What you have to do:
Write out the lines below once more, exactly as they appear. Do not include pictures.

Data under study:

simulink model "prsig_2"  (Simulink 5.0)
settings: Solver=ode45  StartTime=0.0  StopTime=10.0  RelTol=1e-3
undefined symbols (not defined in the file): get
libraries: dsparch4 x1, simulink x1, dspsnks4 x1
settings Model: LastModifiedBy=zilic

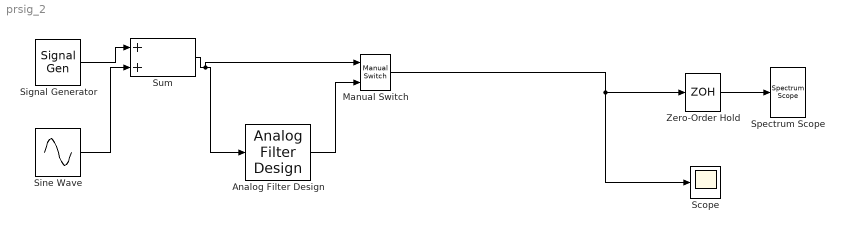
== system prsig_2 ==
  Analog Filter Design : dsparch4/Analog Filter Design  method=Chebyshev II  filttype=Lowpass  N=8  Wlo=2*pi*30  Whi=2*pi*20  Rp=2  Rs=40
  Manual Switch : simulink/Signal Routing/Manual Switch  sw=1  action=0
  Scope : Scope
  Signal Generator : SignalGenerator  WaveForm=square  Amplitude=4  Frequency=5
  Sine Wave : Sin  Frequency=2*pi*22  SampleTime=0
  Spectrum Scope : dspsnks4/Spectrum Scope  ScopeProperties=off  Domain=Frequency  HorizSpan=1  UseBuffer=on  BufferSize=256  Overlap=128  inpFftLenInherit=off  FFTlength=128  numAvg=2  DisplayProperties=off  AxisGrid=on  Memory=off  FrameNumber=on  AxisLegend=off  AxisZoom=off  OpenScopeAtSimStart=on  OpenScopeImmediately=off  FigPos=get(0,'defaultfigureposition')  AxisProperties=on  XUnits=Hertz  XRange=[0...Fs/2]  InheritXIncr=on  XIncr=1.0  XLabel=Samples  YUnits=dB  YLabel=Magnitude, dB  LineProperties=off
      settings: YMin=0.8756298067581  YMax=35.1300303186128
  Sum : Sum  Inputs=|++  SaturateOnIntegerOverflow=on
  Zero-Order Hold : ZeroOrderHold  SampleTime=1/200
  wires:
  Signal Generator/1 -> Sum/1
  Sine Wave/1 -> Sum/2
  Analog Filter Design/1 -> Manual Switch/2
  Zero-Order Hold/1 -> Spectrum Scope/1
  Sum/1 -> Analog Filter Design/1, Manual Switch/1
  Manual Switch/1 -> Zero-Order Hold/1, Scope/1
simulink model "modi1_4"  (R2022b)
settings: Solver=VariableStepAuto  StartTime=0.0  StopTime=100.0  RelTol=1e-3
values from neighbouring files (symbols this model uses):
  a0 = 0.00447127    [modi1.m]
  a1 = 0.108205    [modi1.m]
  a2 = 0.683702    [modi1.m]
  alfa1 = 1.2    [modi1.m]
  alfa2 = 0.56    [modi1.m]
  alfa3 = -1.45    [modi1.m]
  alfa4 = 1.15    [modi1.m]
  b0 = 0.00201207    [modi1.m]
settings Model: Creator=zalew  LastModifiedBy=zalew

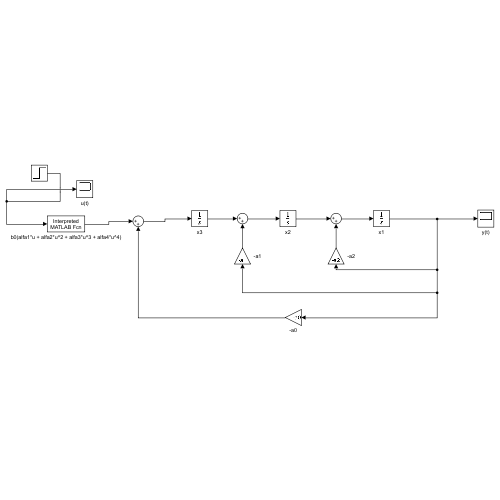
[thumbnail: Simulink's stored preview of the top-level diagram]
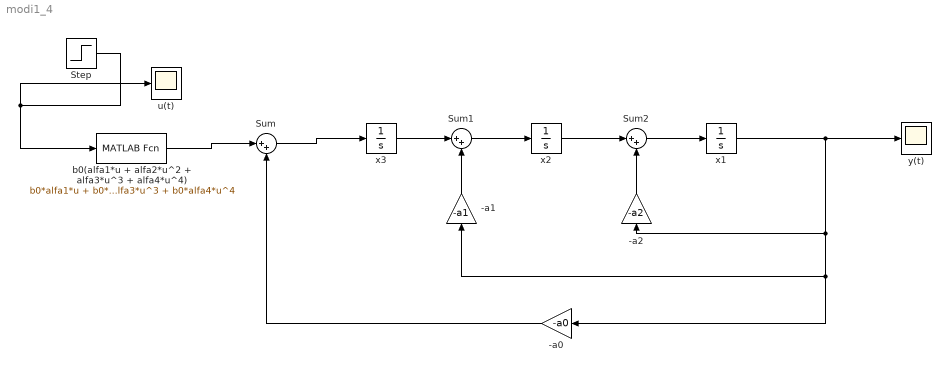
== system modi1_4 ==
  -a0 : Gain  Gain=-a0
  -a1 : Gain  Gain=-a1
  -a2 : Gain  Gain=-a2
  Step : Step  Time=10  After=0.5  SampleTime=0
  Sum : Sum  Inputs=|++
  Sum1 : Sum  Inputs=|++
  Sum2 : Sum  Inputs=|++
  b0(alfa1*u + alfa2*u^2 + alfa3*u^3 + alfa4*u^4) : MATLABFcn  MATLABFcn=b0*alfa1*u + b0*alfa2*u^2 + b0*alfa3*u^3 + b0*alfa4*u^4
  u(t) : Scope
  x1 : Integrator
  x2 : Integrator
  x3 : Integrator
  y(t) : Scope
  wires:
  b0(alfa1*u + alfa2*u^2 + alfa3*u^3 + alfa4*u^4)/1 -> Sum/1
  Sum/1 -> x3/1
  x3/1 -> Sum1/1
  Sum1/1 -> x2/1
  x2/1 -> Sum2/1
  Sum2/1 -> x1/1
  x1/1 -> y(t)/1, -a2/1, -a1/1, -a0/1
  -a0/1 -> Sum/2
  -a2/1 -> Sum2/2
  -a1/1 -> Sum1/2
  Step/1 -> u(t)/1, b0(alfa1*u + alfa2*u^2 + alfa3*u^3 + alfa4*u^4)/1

Written solution:
simulink model "prsig_2"  (Simulink 5.0)
settings: Solver=ode45  StartTime=0.0  StopTime=10.0  RelTol=1e-3
undefined symbols (not defined in the file): get
libraries: dsparch4 x1, simulink x1, dspsnks4 x1
settings Model: LastModifiedBy=zilic

== system prsig_2 ==
  Analog Filter Design : dsparch4/Analog Filter Design  method=Chebyshev II  filttype=Lowpass  N=8  Wlo=2*pi*30  Whi=2*pi*20  Rp=2  Rs=40
  Manual Switch : simulink/Signal Routing/Manual Switch  sw=1  action=0
  Scope : Scope
  Signal Generator : SignalGenerator  WaveForm=square  Amplitude=4  Frequency=5
  Sine Wave : Sin  Frequency=2*pi*22  SampleTime=0
  Spectrum Scope : dspsnks4/Spectrum Scope  ScopeProperties=off  Domain=Frequency  HorizSpan=1  UseBuffer=on  BufferSize=256  Overlap=128  inpFftLenInherit=off  FFTlength=128  numAvg=2  DisplayProperties=off  AxisGrid=on  Memory=off  FrameNumber=on  AxisLegend=off  AxisZoom=off  OpenScopeAtSimStart=on  OpenScopeImmediately=off  FigPos=get(0,'defaultfigureposition')  AxisProperties=on  XUnits=Hertz  XRange=[0...Fs/2]  InheritXIncr=on  XIncr=1.0  XLabel=Samples  YUnits=dB  YLabel=Magnitude, dB  LineProperties=off
      settings: YMin=0.8756298067581  YMax=35.1300303186128
  Sum : Sum  Inputs=|++  SaturateOnIntegerOverflow=on
  Zero-Order Hold : ZeroOrderHold  SampleTime=1/200
  wires:
  Signal Generator/1 -> Sum/1
  Sine Wave/1 -> Sum/2
  Analog Filter Design/1 -> Manual Switch/2
  Zero-Order Hold/1 -> Spectrum Scope/1
  Sum/1 -> Analog Filter Design/1, Manual Switch/1
  Manual Switch/1 -> Zero-Order Hold/1, Scope/1
simulink model "modi1_4"  (R2022b)
settings: Solver=VariableStepAuto  StartTime=0.0  StopTime=100.0  RelTol=1e-3
values from neighbouring files (symbols this model uses):
  a0 = 0.00447127    [modi1.m]
  a1 = 0.108205    [modi1.m]
  a2 = 0.683702    [modi1.m]
  alfa1 = 1.2    [modi1.m]
  alfa2 = 0.56    [modi1.m]
  alfa3 = -1.45    [modi1.m]
  alfa4 = 1.15    [modi1.m]
  b0 = 0.00201207    [modi1.m]
settings Model: Creator=zalew  LastModifiedBy=zalew

[thumbnail: Simulink's stored preview of the top-level diagram]
== system modi1_4 ==
  -a0 : Gain  Gain=-a0
  -a1 : Gain  Gain=-a1
  -a2 : Gain  Gain=-a2
  Step : Step  Time=10  After=0.5  SampleTime=0
  Sum : Sum  Inputs=|++
  Sum1 : Sum  Inputs=|++
  Sum2 : Sum  Inputs=|++
  b0(alfa1*u + alfa2*u^2 + alfa3*u^3 + alfa4*u^4) : MATLABFcn  MATLABFcn=b0*alfa1*u + b0*alfa2*u^2 + b0*alfa3*u^3 + b0*alfa4*u^4
  u(t) : Scope
  x1 : Integrator
  x2 : Integrator
  x3 : Integrator
  y(t) : Scope
  wires:
  b0(alfa1*u + alfa2*u^2 + alfa3*u^3 + alfa4*u^4)/1 -> Sum/1
  Sum/1 -> x3/1
  x3/1 -> Sum1/1
  Sum1/1 -> x2/1
  x2/1 -> Sum2/1
  Sum2/1 -> x1/1
  x1/1 -> y(t)/1, -a2/1, -a1/1, -a0/1
  -a0/1 -> Sum/2
  -a2/1 -> Sum2/2
  -a1/1 -> Sum1/2
  Step/1 -> u(t)/1, b0(alfa1*u + alfa2*u^2 + alfa3*u^3 + alfa4*u^4)/1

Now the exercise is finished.